INPUT DATA Block Start

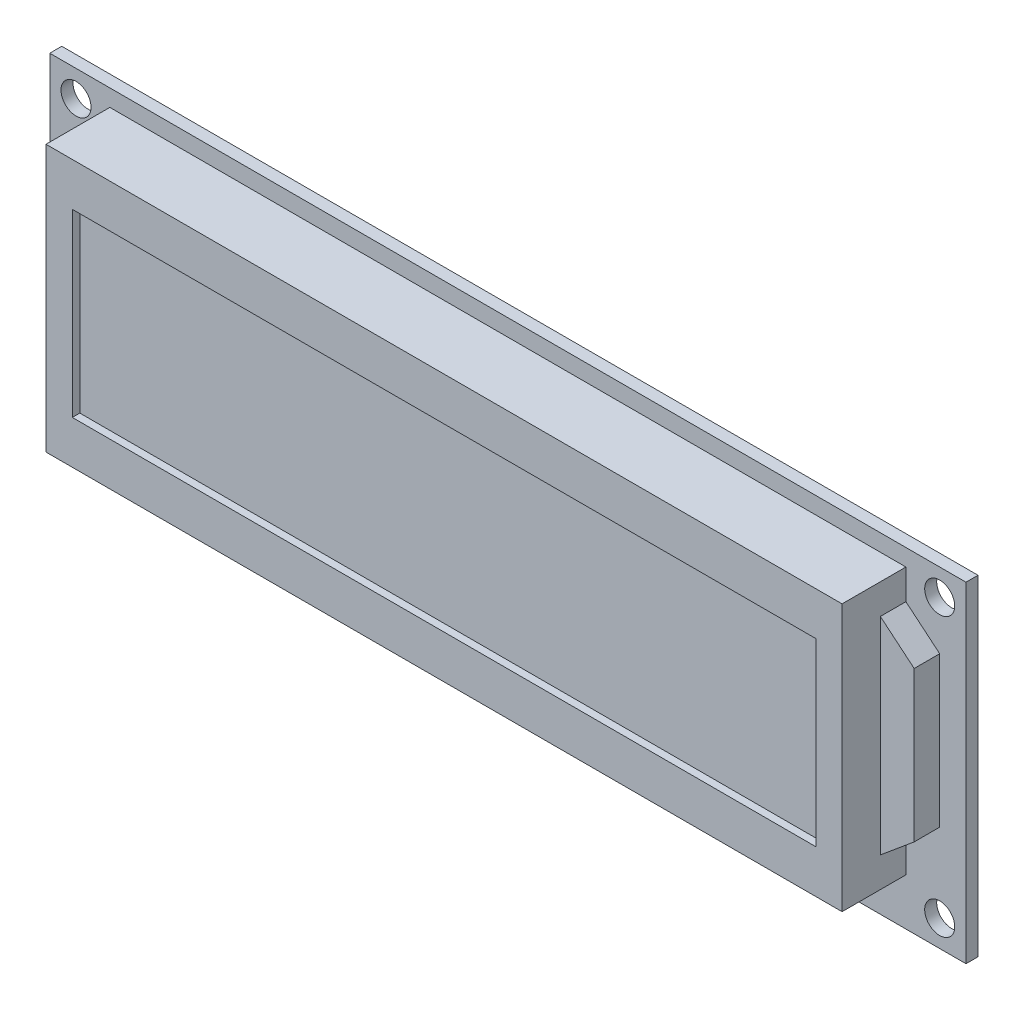
SolidWorks part; units mm, degrees
ref_plane "Front Plane" through (0, 0, 0) normal (0, 0, 1) x (1, 0, 0)
ref_plane "Top Plane" through (0, 0, 0) normal (0, 1, 0) x (1, 0, 0)
ref_plane "Right Plane" through (0, 0, 0) normal (1, 0, 0) x (0, 0, -1)
sketch "Sketch1" plane through (0, 0, 0) normal (0, 0, 1) x (1, 0, 0)
  line L0 (0, 22) -> (0, -22) construction
  line L1 (61, -22) -> (-61, -22)
  line L2 (61, -22) -> (61, 22)
  line L3 (61, 22) -> (-61, 22)
  line L4 (-61, -22) -> (-61, 22)
  line L5 (61, -22) -> (-61, 22) construction
  line L6 (61, 22) -> (-61, -22) construction
  line L7 (-61, 0) -> (61, 0) construction
  circle A0 centre (-57.5, 18.5) radius 2
  circle A1 centre (-57.5, -18.5) radius 2
  circle A2 centre (57.5, 18.5) radius 2
  circle A3 centre (57.5, -18.5) radius 2
  point P0 (0, 0)
  point P16 (0, 0)
  dimension "D3" = 4
  dimension "D1" = 122
  dimension "D2" = 44
  dimension "D4" = 37
  dimension "D5" = 115
extrude "Boss-Extrude1" add sketch "Sketch1" along normal blind 1.6
sketch "Sketch2" plane through (0, 0, 1.6) normal (0, 0, 1) x (1, 0, 0)
  line L0 (61, 22) -> (-61, 22) construction
  line L1 (53, -15.75) -> (-53, -15.75)
  line L2 (53, -15.75) -> (53, 19.75)
  line L3 (53, 19.75) -> (-53, 19.75)
  line L4 (-53, -15.75) -> (-53, 19.75)
  line L5 (53, -15.75) -> (-53, 19.75) construction
  line L6 (53, 19.75) -> (-53, -15.75) construction
  line L7 (61, -22) -> (61, 22) construction
  point P0 (0, 2)
  point P6 (0, 0)
  point P7 (0, 0)
  dimension "D1" = 106
  dimension "D2" = 35.5
  dimension "D3" = 2.25
  dimension "D4" = 8
extrude "Boss-Extrude2" add sketch "Sketch2" along normal blind 8.5
sketch "Sketch4" plane through (0, 0, 10.1) normal (0, 0, 1) x (1, 0, 0)
  line L0 (-53, 19.75) -> (53, -15.75) construction
  line L1 (49.5, -10) -> (-49.5, -10)
  line L2 (49.5, -10) -> (49.5, 14)
  line L3 (49.5, 14) -> (-49.5, 14)
  line L4 (-49.5, -10) -> (-49.5, 14)
  line L5 (49.5, -10) -> (-49.5, 14) construction
  line L6 (49.5, 14) -> (-49.5, -10) construction
  line L7 (-53, -15.75) -> (53, 19.75) construction
  point P0 (0, 2)
  point P14 (0, 2)
  point P15 (0, 0)
  point P16 (0, 0)
  dimension "D1" = 99
  dimension "D2" = 24
extrude "Cut-Extrude1" cut sketch "Sketch4" against normal blind 1
sketch "Sketch5" plane through (0, 0, 1.6) normal (0, 0, 1) x (1, 0, 0)
  line L0 (53, -15.75) -> (53, 19.75) construction
  line L1 (57.5, 2) -> (53, 2) construction
  line L2 (53, 15.75) -> (53, -11.75)
  line L3 (-49.5, 2) -> (49.5, 2) construction
  line L4 (57.5, 12) -> (57.5, -8)
  line L5 (53, -11.75) -> (57.5, -8)
  line L6 (53, 15.75) -> (57.5, 12)
  line L7 (-49.5, 14) -> (-49.5, -10) construction
  line L8 (49.5, -10) -> (49.5, 14) construction
  point P3 (53, 2)
  point P6 (57.5, 2)
  dimension "D1" = 4.5
  dimension "D2" = 27.5
  dimension "D3" = 20
extrude "Boss-Extrude3" add sketch "Sketch5" along normal blind 3.4

INPUT DATA Block End

TASK DESCRIPTION:
Images must not appear; print each record precisely as it reads.

EXERCISE RESULT:
SolidWorks part; units mm, degrees
ref_plane "Front Plane" through (0, 0, 0) normal (0, 0, 1) x (1, 0, 0)
ref_plane "Top Plane" through (0, 0, 0) normal (0, 1, 0) x (1, 0, 0)
ref_plane "Right Plane" through (0, 0, 0) normal (1, 0, 0) x (0, 0, -1)
sketch "Sketch1" plane through (0, 0, 0) normal (0, 0, 1) x (1, 0, 0)
  line L0 (0, 22) -> (0, -22) construction
  line L1 (61, -22) -> (-61, -22)
  line L2 (61, -22) -> (61, 22)
  line L3 (61, 22) -> (-61, 22)
  line L4 (-61, -22) -> (-61, 22)
  line L5 (61, -22) -> (-61, 22) construction
  line L6 (61, 22) -> (-61, -22) construction
  line L7 (-61, 0) -> (61, 0) construction
  circle A0 centre (-57.5, 18.5) radius 2
  circle A1 centre (-57.5, -18.5) radius 2
  circle A2 centre (57.5, 18.5) radius 2
  circle A3 centre (57.5, -18.5) radius 2
  point P0 (0, 0)
  point P16 (0, 0)
  dimension "D3" = 4
  dimension "D1" = 122
  dimension "D2" = 44
  dimension "D4" = 37
  dimension "D5" = 115
extrude "Boss-Extrude1" add sketch "Sketch1" along normal blind 1.6
sketch "Sketch2" plane through (0, 0, 1.6) normal (0, 0, 1) x (1, 0, 0)
  line L0 (61, 22) -> (-61, 22) construction
  line L1 (53, -15.75) -> (-53, -15.75)
  line L2 (53, -15.75) -> (53, 19.75)
  line L3 (53, 19.75) -> (-53, 19.75)
  line L4 (-53, -15.75) -> (-53, 19.75)
  line L5 (53, -15.75) -> (-53, 19.75) construction
  line L6 (53, 19.75) -> (-53, -15.75) construction
  line L7 (61, -22) -> (61, 22) construction
  point P0 (0, 2)
  point P6 (0, 0)
  point P7 (0, 0)
  dimension "D1" = 106
  dimension "D2" = 35.5
  dimension "D3" = 2.25
  dimension "D4" = 8
extrude "Boss-Extrude2" add sketch "Sketch2" along normal blind 8.5
sketch "Sketch4" plane through (0, 0, 10.1) normal (0, 0, 1) x (1, 0, 0)
  line L0 (-53, 19.75) -> (53, -15.75) construction
  line L1 (49.5, -10) -> (-49.5, -10)
  line L2 (49.5, -10) -> (49.5, 14)
  line L3 (49.5, 14) -> (-49.5, 14)
  line L4 (-49.5, -10) -> (-49.5, 14)
  line L5 (49.5, -10) -> (-49.5, 14) construction
  line L6 (49.5, 14) -> (-49.5, -10) construction
  line L7 (-53, -15.75) -> (53, 19.75) construction
  point P0 (0, 2)
  point P14 (0, 2)
  point P15 (0, 0)
  point P16 (0, 0)
  dimension "D1" = 99
  dimension "D2" = 24
extrude "Cut-Extrude1" cut sketch "Sketch4" against normal blind 1
sketch "Sketch5" plane through (0, 0, 1.6) normal (0, 0, 1) x (1, 0, 0)
  line L0 (53, -15.75) -> (53, 19.75) construction
  line L1 (57.5, 2) -> (53, 2) construction
  line L2 (53, 15.75) -> (53, -11.75)
  line L3 (-49.5, 2) -> (49.5, 2) construction
  line L4 (57.5, 12) -> (57.5, -8)
  line L5 (53, -11.75) -> (57.5, -8)
  line L6 (53, 15.75) -> (57.5, 12)
  line L7 (-49.5, 14) -> (-49.5, -10) construction
  line L8 (49.5, -10) -> (49.5, 14) construction
  point P3 (53, 2)
  point P6 (57.5, 2)
  dimension "D1" = 4.5
  dimension "D2" = 27.5
  dimension "D3" = 20
extrude "Boss-Extrude3" add sketch "Sketch5" along normal blind 3.4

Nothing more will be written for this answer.